Work instructions >> The expected output is every line of the data exactly as shown, minus the images.

******

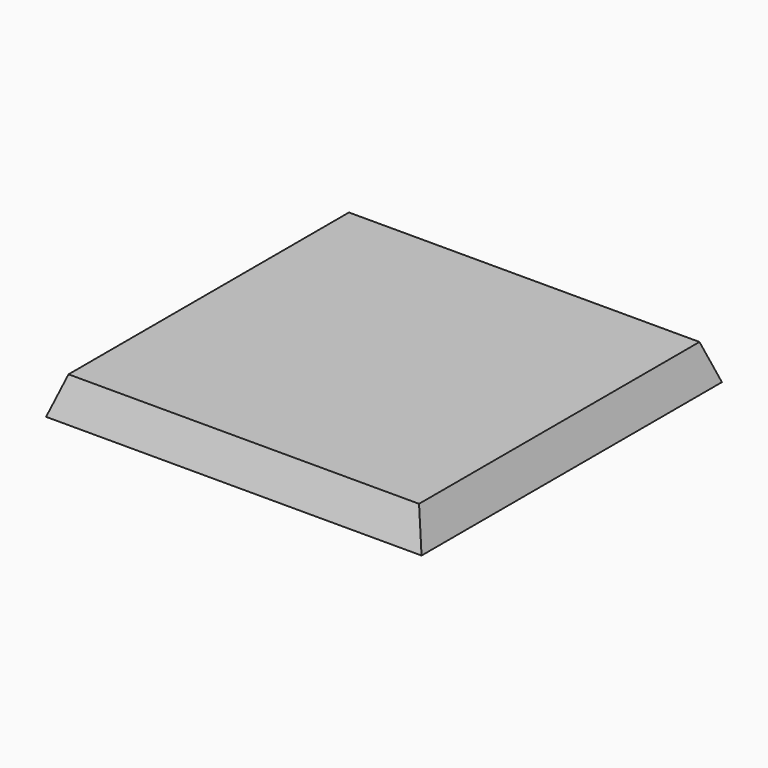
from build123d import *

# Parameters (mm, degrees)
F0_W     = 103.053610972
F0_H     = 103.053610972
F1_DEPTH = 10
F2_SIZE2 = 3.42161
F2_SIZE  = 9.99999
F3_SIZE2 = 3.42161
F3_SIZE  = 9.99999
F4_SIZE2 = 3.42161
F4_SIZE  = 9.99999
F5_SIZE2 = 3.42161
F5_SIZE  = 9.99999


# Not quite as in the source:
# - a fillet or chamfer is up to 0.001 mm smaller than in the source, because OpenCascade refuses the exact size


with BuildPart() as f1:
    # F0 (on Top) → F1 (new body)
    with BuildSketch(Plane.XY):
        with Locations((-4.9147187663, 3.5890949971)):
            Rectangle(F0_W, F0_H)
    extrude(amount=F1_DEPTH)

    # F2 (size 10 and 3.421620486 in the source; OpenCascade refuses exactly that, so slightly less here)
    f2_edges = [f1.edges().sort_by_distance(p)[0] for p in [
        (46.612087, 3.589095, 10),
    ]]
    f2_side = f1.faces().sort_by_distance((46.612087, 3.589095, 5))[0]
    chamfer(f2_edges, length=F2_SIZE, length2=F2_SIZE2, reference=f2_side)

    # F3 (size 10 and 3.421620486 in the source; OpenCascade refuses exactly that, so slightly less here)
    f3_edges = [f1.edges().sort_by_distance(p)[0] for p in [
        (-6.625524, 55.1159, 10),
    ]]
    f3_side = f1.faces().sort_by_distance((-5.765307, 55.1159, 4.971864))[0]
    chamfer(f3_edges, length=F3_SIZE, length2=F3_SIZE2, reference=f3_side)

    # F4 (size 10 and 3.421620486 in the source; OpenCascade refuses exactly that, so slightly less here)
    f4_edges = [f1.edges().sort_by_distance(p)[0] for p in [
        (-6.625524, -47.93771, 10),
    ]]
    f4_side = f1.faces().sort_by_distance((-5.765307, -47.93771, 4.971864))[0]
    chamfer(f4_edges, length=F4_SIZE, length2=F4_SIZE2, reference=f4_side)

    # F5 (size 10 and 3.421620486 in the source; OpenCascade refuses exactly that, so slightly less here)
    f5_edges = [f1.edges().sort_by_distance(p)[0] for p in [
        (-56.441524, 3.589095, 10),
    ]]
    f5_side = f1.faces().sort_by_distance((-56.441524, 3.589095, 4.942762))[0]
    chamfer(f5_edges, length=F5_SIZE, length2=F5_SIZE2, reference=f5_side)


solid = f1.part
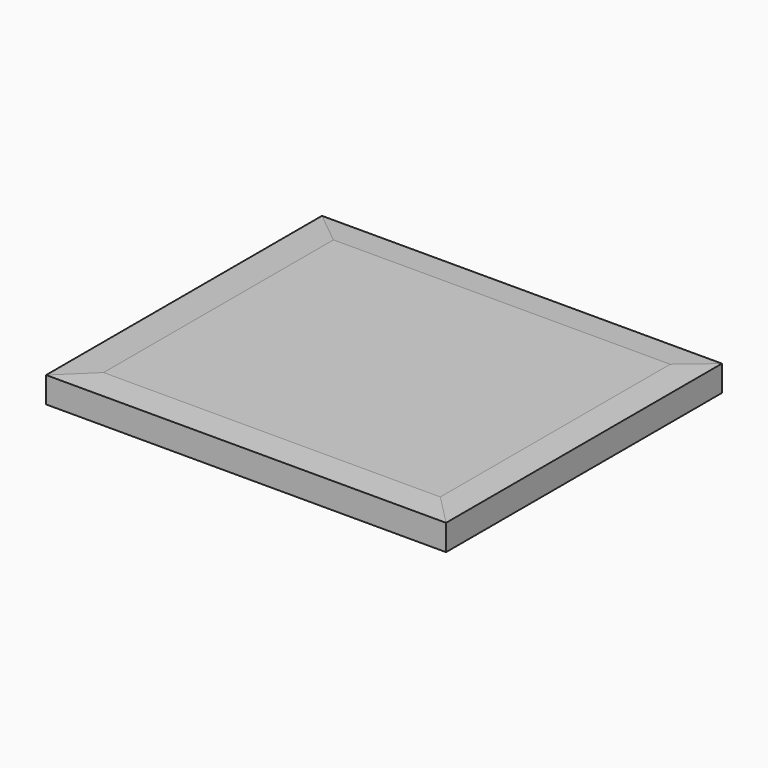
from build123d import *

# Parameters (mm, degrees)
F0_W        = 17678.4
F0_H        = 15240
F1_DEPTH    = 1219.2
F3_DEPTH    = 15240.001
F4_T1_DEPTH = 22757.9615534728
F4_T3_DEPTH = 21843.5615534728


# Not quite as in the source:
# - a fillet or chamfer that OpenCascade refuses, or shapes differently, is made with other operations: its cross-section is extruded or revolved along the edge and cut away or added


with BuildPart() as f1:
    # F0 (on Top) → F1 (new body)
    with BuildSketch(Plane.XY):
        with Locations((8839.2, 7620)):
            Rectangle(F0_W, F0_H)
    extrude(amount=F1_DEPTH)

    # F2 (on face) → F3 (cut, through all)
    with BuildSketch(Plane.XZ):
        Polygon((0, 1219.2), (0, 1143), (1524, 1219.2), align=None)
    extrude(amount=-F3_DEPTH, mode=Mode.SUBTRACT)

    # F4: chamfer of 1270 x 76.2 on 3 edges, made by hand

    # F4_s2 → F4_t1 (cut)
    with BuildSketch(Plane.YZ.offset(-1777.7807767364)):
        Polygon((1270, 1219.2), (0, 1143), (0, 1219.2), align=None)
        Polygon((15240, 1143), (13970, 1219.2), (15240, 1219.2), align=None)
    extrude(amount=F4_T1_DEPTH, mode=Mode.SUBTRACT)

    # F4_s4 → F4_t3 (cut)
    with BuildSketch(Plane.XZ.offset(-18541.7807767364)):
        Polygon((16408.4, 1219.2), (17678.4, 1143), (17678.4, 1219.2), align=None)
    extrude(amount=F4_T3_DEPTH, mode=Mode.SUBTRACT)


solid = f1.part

******

Solved problem >>
from build123d import *

# Parameters (mm, degrees)
F0_W     = 103.053610972
F0_H     = 103.053610972
F1_DEPTH = 10
F2_SIZE2 = 3.42161
F2_SIZE  = 9.99999
F3_SIZE2 = 3.42161
F3_SIZE  = 9.99999
F4_SIZE2 = 3.42161
F4_SIZE  = 9.99999
F5_SIZE2 = 3.42161
F5_SIZE  = 9.99999


# Not quite as in the source:
# - a fillet or chamfer is up to 0.001 mm smaller than in the source, because OpenCascade refuses the exact size


with BuildPart() as f1:
    # F0 (on Top) → F1 (new body)
    with BuildSketch(Plane.XY):
        with Locations((-4.9147187663, 3.5890949971)):
            Rectangle(F0_W, F0_H)
    extrude(amount=F1_DEPTH)

    # F2 (size 10 and 3.421620486 in the source; OpenCascade refuses exactly that, so slightly less here)
    f2_edges = [f1.edges().sort_by_distance(p)[0] for p in [
        (46.612087, 3.589095, 10),
    ]]
    f2_side = f1.faces().sort_by_distance((46.612087, 3.589095, 5))[0]
    chamfer(f2_edges, length=F2_SIZE, length2=F2_SIZE2, reference=f2_side)

    # F3 (size 10 and 3.421620486 in the source; OpenCascade refuses exactly that, so slightly less here)
    f3_edges = [f1.edges().sort_by_distance(p)[0] for p in [
        (-6.625524, 55.1159, 10),
    ]]
    f3_side = f1.faces().sort_by_distance((-5.765307, 55.1159, 4.971864))[0]
    chamfer(f3_edges, length=F3_SIZE, length2=F3_SIZE2, reference=f3_side)

    # F4 (size 10 and 3.421620486 in the source; OpenCascade refuses exactly that, so slightly less here)
    f4_edges = [f1.edges().sort_by_distance(p)[0] for p in [
        (-6.625524, -47.93771, 10),
    ]]
    f4_side = f1.faces().sort_by_distance((-5.765307, -47.93771, 4.971864))[0]
    chamfer(f4_edges, length=F4_SIZE, length2=F4_SIZE2, reference=f4_side)

    # F5 (size 10 and 3.421620486 in the source; OpenCascade refuses exactly that, so slightly less here)
    f5_edges = [f1.edges().sort_by_distance(p)[0] for p in [
        (-56.441524, 3.589095, 10),
    ]]
    f5_side = f1.faces().sort_by_distance((-56.441524, 3.589095, 4.942762))[0]
    chamfer(f5_edges, length=F5_SIZE, length2=F5_SIZE2, reference=f5_side)


solid = f1.part
from build123d import *

# Parameters (mm, degrees)
F0_W        = 17678.4
F0_H        = 15240
F1_DEPTH    = 1219.2
F3_DEPTH    = 15240.001
F4_T1_DEPTH = 22757.9615534728
F4_T3_DEPTH = 21843.5615534728


# Not quite as in the source:
# - a fillet or chamfer that OpenCascade refuses, or shapes differently, is made with other operations: its cross-section is extruded or revolved along the edge and cut away or added


with BuildPart() as f1:
    # F0 (on Top) → F1 (new body)
    with BuildSketch(Plane.XY):
        with Locations((8839.2, 7620)):
            Rectangle(F0_W, F0_H)
    extrude(amount=F1_DEPTH)

    # F2 (on face) → F3 (cut, through all)
    with BuildSketch(Plane.XZ):
        Polygon((0, 1219.2), (0, 1143), (1524, 1219.2), align=None)
    extrude(amount=-F3_DEPTH, mode=Mode.SUBTRACT)

    # F4: chamfer of 1270 x 76.2 on 3 edges, made by hand

    # F4_s2 → F4_t1 (cut)
    with BuildSketch(Plane.YZ.offset(-1777.7807767364)):
        Polygon((1270, 1219.2), (0, 1143), (0, 1219.2), align=None)
        Polygon((15240, 1143), (13970, 1219.2), (15240, 1219.2), align=None)
    extrude(amount=F4_T1_DEPTH, mode=Mode.SUBTRACT)

    # F4_s4 → F4_t3 (cut)
    with BuildSketch(Plane.XZ.offset(-18541.7807767364)):
        Polygon((16408.4, 1219.2), (17678.4, 1143), (17678.4, 1219.2), align=None)
    extrude(amount=F4_T3_DEPTH, mode=Mode.SUBTRACT)


solid = f1.part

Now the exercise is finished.